WHAT TO PRODUCE – What you hand back must match the records word for word, with no pictures.

SUPPLIED INFORMATION –

*** Block opens ***

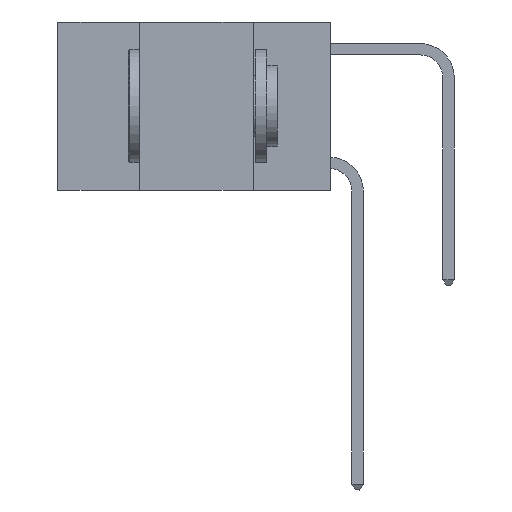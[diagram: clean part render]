
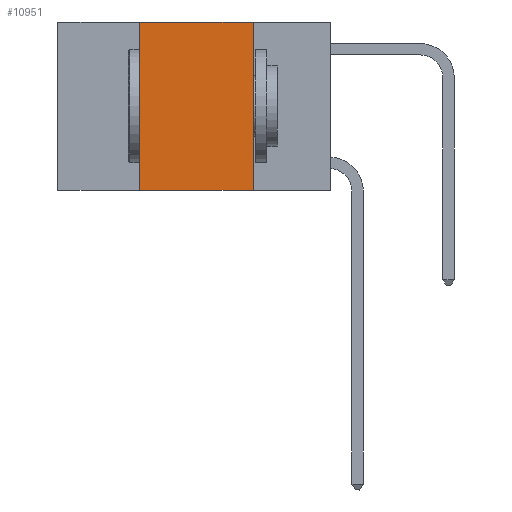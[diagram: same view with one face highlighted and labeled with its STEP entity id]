
A CAD part, left-side view. The second image highlights one B-rep face of the part: STEP entity #10951.
In plain terms, the highlighted planar face has unit normal (-1, 0, 0).
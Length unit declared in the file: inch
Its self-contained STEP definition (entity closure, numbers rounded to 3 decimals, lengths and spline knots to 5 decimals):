
#500 = VECTOR ( 'NONE', #3311, 39.37008 ) ;
#975 = LINE ( 'NONE', #2093, #500 ) ;
#1246 = LINE ( 'NONE', #6940, #4474 ) ;
#1489 = CARTESIAN_POINT ( 'NONE',  ( 0., 0.6, 0. ) ) ;
#1540 = CARTESIAN_POINT ( 'NONE',  ( 0., 0.6, 0. ) ) ;
#2093 = CARTESIAN_POINT ( 'NONE',  ( 0., 0.42, 0. ) ) ;
#2281 = VERTEX_POINT ( 'NONE', #15487 ) ;
#2351 = EDGE_CURVE ( 'NONE', #8437, #14944, #9143, .T. ) ;
#3103 = LINE ( 'NONE', #7617, #3554 ) ;
#3311 = DIRECTION ( 'NONE',  ( 0., 0., 1. ) ) ;
#3486 = EDGE_CURVE ( 'NONE', #14944, #2281, #1246, .T. ) ;
#3554 = VECTOR ( 'NONE', #13384, 39.37008 ) ;
#4441 = DIRECTION ( 'NONE',  ( 0., -1., 0. ) ) ;
#4474 = VECTOR ( 'NONE', #15858, 39.37008 ) ;
#6940 = CARTESIAN_POINT ( 'NONE',  ( 0., 0.17, 0. ) ) ;
#7381 = CARTESIAN_POINT ( 'NONE',  ( 0., 0.42, -0.37 ) ) ;
#7617 = CARTESIAN_POINT ( 'NONE',  ( 0., 0.6, -0.37 ) ) ;
#7694 = CARTESIAN_POINT ( 'NONE',  ( 0., 0.42, 0. ) ) ;
#8113 = FACE_OUTER_BOUND ( 'NONE', #15204, .T. ) ;
#8239 = ORIENTED_EDGE ( 'NONE', *, *, #2351, .F. ) ;
#8437 = VERTEX_POINT ( 'NONE', #7694 ) ;
#8728 = DIRECTION ( 'NONE',  ( 1., 0., 0. ) ) ;
#9143 = LINE ( 'NONE', #1540, #13740 ) ;
#10251 = VERTEX_POINT ( 'NONE', #7381 ) ;
#10478 = EDGE_CURVE ( 'NONE', #10251, #8437, #975, .T. ) ;
#10951 = ADVANCED_FACE ( 'NONE', ( #8113 ), #16072, .F. ) ;
#12910 = ORIENTED_EDGE ( 'NONE', *, *, #3486, .F. ) ;
#13171 = DIRECTION ( 'NONE',  ( 0., 0., -1. ) ) ;
#13384 = DIRECTION ( 'NONE',  ( 0., -1., 0. ) ) ;
#13740 = VECTOR ( 'NONE', #4441, 39.37008 ) ;
#14034 = ORIENTED_EDGE ( 'NONE', *, *, #10478, .F. ) ;
#14784 = CARTESIAN_POINT ( 'NONE',  ( 0., 0.17, 0. ) ) ;
#14944 = VERTEX_POINT ( 'NONE', #14784 ) ;
#15204 = EDGE_LOOP ( 'NONE', ( #12910, #8239, #14034, #15338 ) ) ;
#15338 = ORIENTED_EDGE ( 'NONE', *, *, #17001, .T. ) ;
#15487 = CARTESIAN_POINT ( 'NONE',  ( 0., 0.17, -0.37 ) ) ;
#15858 = DIRECTION ( 'NONE',  ( 0., 0., -1. ) ) ;
#16072 = PLANE ( 'NONE',  #16117 ) ;
#16117 = AXIS2_PLACEMENT_3D ( 'NONE', #1489, #8728, #13171 ) ;
#17001 = EDGE_CURVE ( 'NONE', #10251, #2281, #3103, .T. ) ;
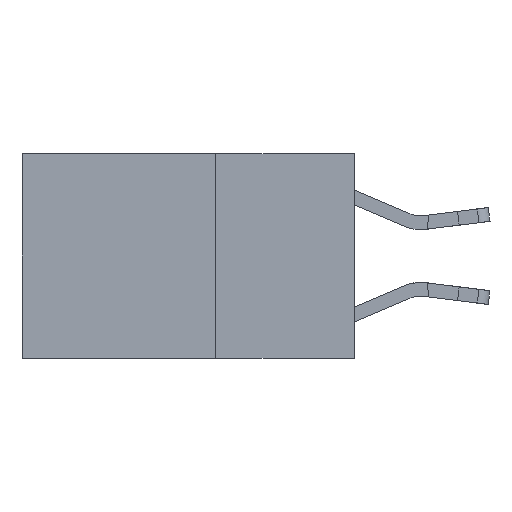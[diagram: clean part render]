
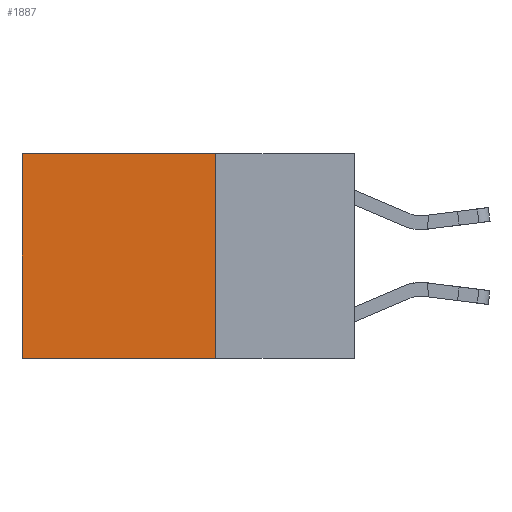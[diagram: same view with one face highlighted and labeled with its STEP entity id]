
A CAD part, left-side view. The second image highlights one B-rep face of the part: STEP entity #1887.
In plain terms, the highlighted planar face has unit normal (-1, 0, 0).
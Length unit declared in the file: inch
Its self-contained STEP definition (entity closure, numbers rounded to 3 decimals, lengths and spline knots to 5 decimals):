
#225 = LINE ( 'NONE', #15999, #12680 ) ;
#933 = ORIENTED_EDGE ( 'NONE', *, *, #5388, .T. ) ;
#1194 = CARTESIAN_POINT ( 'NONE',  ( 0.2625, 0.25, -0.37 ) ) ;
#1707 = LINE ( 'NONE', #16252, #4416 ) ;
#1778 = CARTESIAN_POINT ( 'NONE',  ( 0.2625, 0.25, 0. ) ) ;
#1887 = ADVANCED_FACE ( 'NONE', ( #14601 ), #13309, .F. ) ;
#3628 = CARTESIAN_POINT ( 'NONE',  ( 0.2625, 0.6, 0. ) ) ;
#3990 = EDGE_CURVE ( 'NONE', #13087, #17227, #5625, .T. ) ;
#4246 = DIRECTION ( 'NONE',  ( 0., 0., -1. ) ) ;
#4416 = VECTOR ( 'NONE', #4246, 39.37008 ) ;
#4472 = DIRECTION ( 'NONE',  ( 0., 1., 0. ) ) ;
#4664 = AXIS2_PLACEMENT_3D ( 'NONE', #6630, #15268, #10388 ) ;
#4914 = DIRECTION ( 'NONE',  ( 0., 1., 0. ) ) ;
#5388 = EDGE_CURVE ( 'NONE', #7445, #17227, #1707, .T. ) ;
#5571 = DIRECTION ( 'NONE',  ( 0., 0., -1. ) ) ;
#5625 = LINE ( 'NONE', #8434, #13158 ) ;
#6321 = LINE ( 'NONE', #6589, #16219 ) ;
#6589 = CARTESIAN_POINT ( 'NONE',  ( 0.2625, 0.25, 0. ) ) ;
#6630 = CARTESIAN_POINT ( 'NONE',  ( 0.2625, 0.25, 0. ) ) ;
#6895 = EDGE_LOOP ( 'NONE', ( #933, #10119, #17074, #9656 ) ) ;
#7445 = VERTEX_POINT ( 'NONE', #3628 ) ;
#8434 = CARTESIAN_POINT ( 'NONE',  ( 0.2625, 0.25, -0.37 ) ) ;
#9116 = VERTEX_POINT ( 'NONE', #1778 ) ;
#9656 = ORIENTED_EDGE ( 'NONE', *, *, #10652, .T. ) ;
#10119 = ORIENTED_EDGE ( 'NONE', *, *, #3990, .F. ) ;
#10388 = DIRECTION ( 'NONE',  ( 0., 0., -1. ) ) ;
#10652 = EDGE_CURVE ( 'NONE', #9116, #7445, #6321, .T. ) ;
#12278 = CARTESIAN_POINT ( 'NONE',  ( 0.2625, 0.6, -0.37 ) ) ;
#12680 = VECTOR ( 'NONE', #5571, 39.37008 ) ;
#13064 = EDGE_CURVE ( 'NONE', #9116, #13087, #225, .T. ) ;
#13087 = VERTEX_POINT ( 'NONE', #1194 ) ;
#13158 = VECTOR ( 'NONE', #4472, 39.37008 ) ;
#13309 = PLANE ( 'NONE',  #4664 ) ;
#14601 = FACE_OUTER_BOUND ( 'NONE', #6895, .T. ) ;
#15268 = DIRECTION ( 'NONE',  ( 1., 0., 0. ) ) ;
#15999 = CARTESIAN_POINT ( 'NONE',  ( 0.2625, 0.25, 0. ) ) ;
#16219 = VECTOR ( 'NONE', #4914, 39.37008 ) ;
#16252 = CARTESIAN_POINT ( 'NONE',  ( 0.2625, 0.6, 0. ) ) ;
#17074 = ORIENTED_EDGE ( 'NONE', *, *, #13064, .F. ) ;
#17227 = VERTEX_POINT ( 'NONE', #12278 ) ;

*** Block closes ***

EXERCISE RESULT –
[diagram: clean part render]
[diagram: same view with one face highlighted and labeled with its STEP entity id]
A CAD part, left-side view. The second image highlights one B-rep face of the part: STEP entity #10951.
In plain terms, the highlighted planar face has unit normal (-1, 0, 0).
Length unit declared in the file: inch
Its self-contained STEP definition (entity closure, numbers rounded to 3 decimals, lengths and spline knots to 5 decimals):
#500 = VECTOR ( 'NONE', #3311, 39.37008 ) ;
#975 = LINE ( 'NONE', #2093, #500 ) ;
#1246 = LINE ( 'NONE', #6940, #4474 ) ;
#1489 = CARTESIAN_POINT ( 'NONE',  ( 0., 0.6, 0. ) ) ;
#1540 = CARTESIAN_POINT ( 'NONE',  ( 0., 0.6, 0. ) ) ;
#2093 = CARTESIAN_POINT ( 'NONE',  ( 0., 0.42, 0. ) ) ;
#2281 = VERTEX_POINT ( 'NONE', #15487 ) ;
#2351 = EDGE_CURVE ( 'NONE', #8437, #14944, #9143, .T. ) ;
#3103 = LINE ( 'NONE', #7617, #3554 ) ;
#3311 = DIRECTION ( 'NONE',  ( 0., 0., 1. ) ) ;
#3486 = EDGE_CURVE ( 'NONE', #14944, #2281, #1246, .T. ) ;
#3554 = VECTOR ( 'NONE', #13384, 39.37008 ) ;
#4441 = DIRECTION ( 'NONE',  ( 0., -1., 0. ) ) ;
#4474 = VECTOR ( 'NONE', #15858, 39.37008 ) ;
#6940 = CARTESIAN_POINT ( 'NONE',  ( 0., 0.17, 0. ) ) ;
#7381 = CARTESIAN_POINT ( 'NONE',  ( 0., 0.42, -0.37 ) ) ;
#7617 = CARTESIAN_POINT ( 'NONE',  ( 0., 0.6, -0.37 ) ) ;
#7694 = CARTESIAN_POINT ( 'NONE',  ( 0., 0.42, 0. ) ) ;
#8113 = FACE_OUTER_BOUND ( 'NONE', #15204, .T. ) ;
#8239 = ORIENTED_EDGE ( 'NONE', *, *, #2351, .F. ) ;
#8437 = VERTEX_POINT ( 'NONE', #7694 ) ;
#8728 = DIRECTION ( 'NONE',  ( 1., 0., 0. ) ) ;
#9143 = LINE ( 'NONE', #1540, #13740 ) ;
#10251 = VERTEX_POINT ( 'NONE', #7381 ) ;
#10478 = EDGE_CURVE ( 'NONE', #10251, #8437, #975, .T. ) ;
#10951 = ADVANCED_FACE ( 'NONE', ( #8113 ), #16072, .F. ) ;
#12910 = ORIENTED_EDGE ( 'NONE', *, *, #3486, .F. ) ;
#13171 = DIRECTION ( 'NONE',  ( 0., 0., -1. ) ) ;
#13384 = DIRECTION ( 'NONE',  ( 0., -1., 0. ) ) ;
#13740 = VECTOR ( 'NONE', #4441, 39.37008 ) ;
#14034 = ORIENTED_EDGE ( 'NONE', *, *, #10478, .F. ) ;
#14784 = CARTESIAN_POINT ( 'NONE',  ( 0., 0.17, 0. ) ) ;
#14944 = VERTEX_POINT ( 'NONE', #14784 ) ;
#15204 = EDGE_LOOP ( 'NONE', ( #12910, #8239, #14034, #15338 ) ) ;
#15338 = ORIENTED_EDGE ( 'NONE', *, *, #17001, .T. ) ;
#15487 = CARTESIAN_POINT ( 'NONE',  ( 0., 0.17, -0.37 ) ) ;
#15858 = DIRECTION ( 'NONE',  ( 0., 0., -1. ) ) ;
#16072 = PLANE ( 'NONE',  #16117 ) ;
#16117 = AXIS2_PLACEMENT_3D ( 'NONE', #1489, #8728, #13171 ) ;
#17001 = EDGE_CURVE ( 'NONE', #10251, #2281, #3103, .T. ) ;
[diagram: clean part render]
[diagram: same view with one face highlighted and labeled with its STEP entity id]
A CAD part, left-side view. The second image highlights one B-rep face of the part: STEP entity #1887.
In plain terms, the highlighted planar face has unit normal (-1, 0, 0).
Length unit declared in the file: inch
Its self-contained STEP definition (entity closure, numbers rounded to 3 decimals, lengths and spline knots to 5 decimals):
#225 = LINE ( 'NONE', #15999, #12680 ) ;
#933 = ORIENTED_EDGE ( 'NONE', *, *, #5388, .T. ) ;
#1194 = CARTESIAN_POINT ( 'NONE',  ( 0.2625, 0.25, -0.37 ) ) ;
#1707 = LINE ( 'NONE', #16252, #4416 ) ;
#1778 = CARTESIAN_POINT ( 'NONE',  ( 0.2625, 0.25, 0. ) ) ;
#1887 = ADVANCED_FACE ( 'NONE', ( #14601 ), #13309, .F. ) ;
#3628 = CARTESIAN_POINT ( 'NONE',  ( 0.2625, 0.6, 0. ) ) ;
#3990 = EDGE_CURVE ( 'NONE', #13087, #17227, #5625, .T. ) ;
#4246 = DIRECTION ( 'NONE',  ( 0., 0., -1. ) ) ;
#4416 = VECTOR ( 'NONE', #4246, 39.37008 ) ;
#4472 = DIRECTION ( 'NONE',  ( 0., 1., 0. ) ) ;
#4664 = AXIS2_PLACEMENT_3D ( 'NONE', #6630, #15268, #10388 ) ;
#4914 = DIRECTION ( 'NONE',  ( 0., 1., 0. ) ) ;
#5388 = EDGE_CURVE ( 'NONE', #7445, #17227, #1707, .T. ) ;
#5571 = DIRECTION ( 'NONE',  ( 0., 0., -1. ) ) ;
#5625 = LINE ( 'NONE', #8434, #13158 ) ;
#6321 = LINE ( 'NONE', #6589, #16219 ) ;
#6589 = CARTESIAN_POINT ( 'NONE',  ( 0.2625, 0.25, 0. ) ) ;
#6630 = CARTESIAN_POINT ( 'NONE',  ( 0.2625, 0.25, 0. ) ) ;
#6895 = EDGE_LOOP ( 'NONE', ( #933, #10119, #17074, #9656 ) ) ;
#7445 = VERTEX_POINT ( 'NONE', #3628 ) ;
#8434 = CARTESIAN_POINT ( 'NONE',  ( 0.2625, 0.25, -0.37 ) ) ;
#9116 = VERTEX_POINT ( 'NONE', #1778 ) ;
#9656 = ORIENTED_EDGE ( 'NONE', *, *, #10652, .T. ) ;
#10119 = ORIENTED_EDGE ( 'NONE', *, *, #3990, .F. ) ;
#10388 = DIRECTION ( 'NONE',  ( 0., 0., -1. ) ) ;
#10652 = EDGE_CURVE ( 'NONE', #9116, #7445, #6321, .T. ) ;
#12278 = CARTESIAN_POINT ( 'NONE',  ( 0.2625, 0.6, -0.37 ) ) ;
#12680 = VECTOR ( 'NONE', #5571, 39.37008 ) ;
#13064 = EDGE_CURVE ( 'NONE', #9116, #13087, #225, .T. ) ;
#13087 = VERTEX_POINT ( 'NONE', #1194 ) ;
#13158 = VECTOR ( 'NONE', #4472, 39.37008 ) ;
#13309 = PLANE ( 'NONE',  #4664 ) ;
#14601 = FACE_OUTER_BOUND ( 'NONE', #6895, .T. ) ;
#15268 = DIRECTION ( 'NONE',  ( 1., 0., 0. ) ) ;
#15999 = CARTESIAN_POINT ( 'NONE',  ( 0.2625, 0.25, 0. ) ) ;
#16219 = VECTOR ( 'NONE', #4914, 39.37008 ) ;
#16252 = CARTESIAN_POINT ( 'NONE',  ( 0.2625, 0.6, 0. ) ) ;
#17074 = ORIENTED_EDGE ( 'NONE', *, *, #13064, .F. ) ;
#17227 = VERTEX_POINT ( 'NONE', #12278 ) ;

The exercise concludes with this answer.